Recommended primary: **A + B + C** — closes all three internal carry items, leaves D/E/F for iter8+ depending on whether operator wants upstream-filing or perf-anchor next.
Alternative leans:
- **D alone** if operator wants the upstream-prep iteration now
- **E alone** if perf measurement matters more than carryover-closure
- **F alone** if architectural cleanliness drives the next iteration
iter7 = A + B + C combined. Phases 2..8:
- Phase 2: situation analysis for each track (A/B/C) — what we expect to find, what tools needed, what could go wrong
- Phase 3: baseline anchor — capture pre-fix state for each (A: current frame hashes vs SW; B: current pool starvation under fault inject; C: current behavior on probe pattern)
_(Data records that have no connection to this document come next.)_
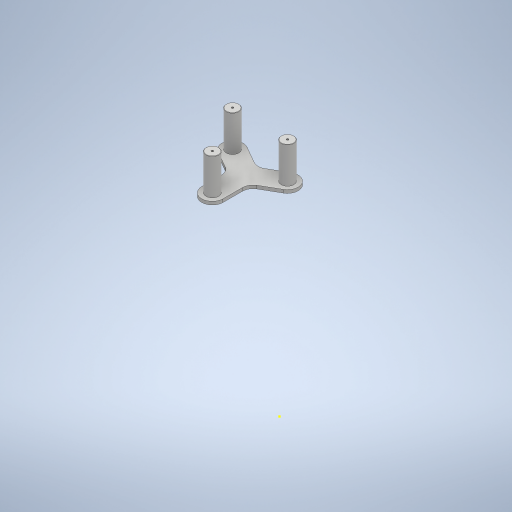
# Autodesk Inventor part: 零件1
Saved by Autodesk Inventor 2023 (Build 270158000, 158)
## iProperties
Created: 2023-04-30
Part Number: 零件1
Material: 常规
Document SubType Name: Sheet Metal
Designer: 47376
Density: 1 g/cm^3
Sheet Metal Rule: Default_mm
Appearance: 默认
Author: 47376
Autodesk Inventor part; units mm, degrees
ref_plane "YZ Plane" through (0, 0, 0) normal (1, 0, 0) x (0, 1, 0)
ref_plane "XZ Plane" through (0, 0, 0) normal (0, 1, 0) x (-1, 0, 0)
ref_plane "XY Plane" through (0, 0, 0) normal (0, 0, 1) x (1, 0, 0)
ref_plane "工作平面5" through (-8, 0, 4.5) normal (0, 0, 1) x (1, 0, 0)
sketch "草图5" plane through (-8, 0, 4.5) normal (0, 0, 1) x (1, 0, 0)
  arc A0 (-229.373, 177.0271) -> (-229.1311, 177.052) centre (-230.6821, 190.9658) ccw
  circle A1 centre (-229.4321, 193.1309) radius 6
  circle A2 centre (-177.5679, 193.1309) radius 6
  circle A3 centre (-203.5, 148.2151) radius 6
  arc A4 (-172.5679, 184.4706) -> (-182.5679, 201.7911) centre (-177.5679, 193.1309) ccw
  arc A5 (-224.4321, 201.7911) -> (-234.4321, 184.4706) centre (-229.4321, 193.1309) ccw
  arc A6 (-213.5, 148.2151) -> (-193.5, 148.2151) centre (-203.5, 148.2151) ccw
  line L0 (-234.4321, 184.4706) -> (-218.5, 175.2722)
  line L1 (-172.5679, 184.4706) -> (-188.5, 175.2722)
  line L2 (-224.4321, 201.7911) -> (-208.5, 192.5927)
  line L3 (-182.5679, 201.7911) -> (-198.5, 192.5927)
  line L4 (-213.5, 148.2151) -> (-213.5, 166.6119)
  line L5 (-193.5, 148.2151) -> (-193.5, 166.6119)
  line L6 (-206, 177.7999) -> (-206, 178.2297)
  arc A7 (-208.5, 192.5927) -> (-198.5, 192.5927) centre (-203.5, 201.2529) ccw
  arc A8 (-188.5, 175.2722) -> (-193.5, 166.6119) centre (-183.5, 166.6119) ccw
  arc A9 (-213.5, 166.6119) -> (-218.5, 175.2722) centre (-223.5, 166.6119) ccw
  point P0 (8, 0)
  point P1 (-184.4262, 177.6242)
  point P2 (-222.5767, 177.6259)
  dimension "d31" = 12
  dimension "d33" = 12
  dimension "d37" = 20
  dimension "d38" = 20
  dimension "d44" = 10
  dimension "d87" = 12
  constraints: 14 end point, 14 point on circle, 10 centre point, 10 tangent, 2 coincident, 2 equal radius, 2 point on line, 1 vertical
  measures "d31" diameter of A1
  measures "d33" diameter of A3
  measures "d37" diameter of A5
  measures "d38" diameter of A6
  measures "d44" radius of A7
  measures "d87" diameter of A2
extrude "拉伸1" add sketch "草图5" along normal blind 3
ref_plane "工作平面2" through (-8, 0, 7.5) normal (0, 0, 1) x (1, 0, 0)
sketch "草图8" plane through (-8, 0, 4.5) normal (0, 0, -1) x (-1, 0, 0)
  circle A0 centre (203.5, 148.2151) radius 6 projected
  circle A1 centre (203.5, 148.2151) radius 6
  circle A2 centre (229.4321, 193.1309) radius 6 projected
  circle A3 centre (229.4321, 193.1309) radius 6
  circle A4 centre (177.5679, 193.1309) radius 6 projected
  circle A5 centre (177.5679, 193.1309) radius 6
  point P0 (-8, 0)
  constraints: 3 centre point, 3 coincident
sketch "草图9" plane through (-8, 0, 4.5) normal (0, 0, -1) x (-1, 0, 0)
  point P0 (-8, 0)
extrude "拉伸3" add sketch "草图8" against normal blind 37
hole "孔4" at (-237.4321, 193.1309, 41.5) direction (0, 0, -1) diameter 1.941 depth 10 tip angle 118 thread size "3-48 UNC" class "2B" standard "ANSI Unified Screw Threads"
hole "孔5" at (-185.5679, 193.1309, 41.5) direction (0, 0, -1) diameter 1.941 depth 10 tip angle 118 thread size "3-48 UNC" class "2B" standard "ANSI Unified Screw Threads"
hole "孔6" at (-211.5, 148.2151, 41.5) direction (0, 0, -1) diameter 1.941 depth 10 tip angle 118 thread size "3-48 UNC" class "2B" standard "ANSI Unified Screw Threads"
fillet "圆角4" radius 0.3 3 edges at (-231.4321, 193.1309, 41.5) (-179.5679, 193.1309, 41.5) (-205.5, 148.2151, 41.5)
sketch "草图10" plane through (-8, 0, 4.5) normal (0, 0, -1) x (-1, 0, 0)
  circle A0 centre (229.4321, 193.1309) radius 6
  circle A1 centre (203.5, 148.2151) radius 6
  circle A2 centre (177.5679, 193.1309) radius 6.4097
  point P0 (-8, 0)
  constraints: 3 centre point, 3 coincident
extrude "拉伸4" cut sketch "草图10" against normal blind 1
equation "\"折弯半径\" = 厚度"
equation "\"折弯释压宽度\" = 厚度"
equation "\"折弯释压深度\" = 0.5 * 厚度"
equation "\"拐角释压尺寸\" = 4 * 厚度"
equation "\"最小余量\" = 2 * 厚度"
equation "\"过渡半径\" = 折弯半径"
equation "\"Jacobi半径尺寸\" = 折弯半径"
equation "\"间隙大小\" = 厚度"
equation "\"厚度\" = 0.5"

- Phase 4: execute. Order: B (smallest, additive) → C (synthetic test, no driver change) → A (verification — runs against the iter7-end driver including any B/C changes)
- Phase 5: sonnet review of combined diff before commit
- Phase 6: deploy iter7 driver to ohm
- Phase 7: verify all three tracks against locked criteria above
- Phase 8: close
After lock, iter7 phases 2..8 proceed autonomously per "Stop only if user is needed."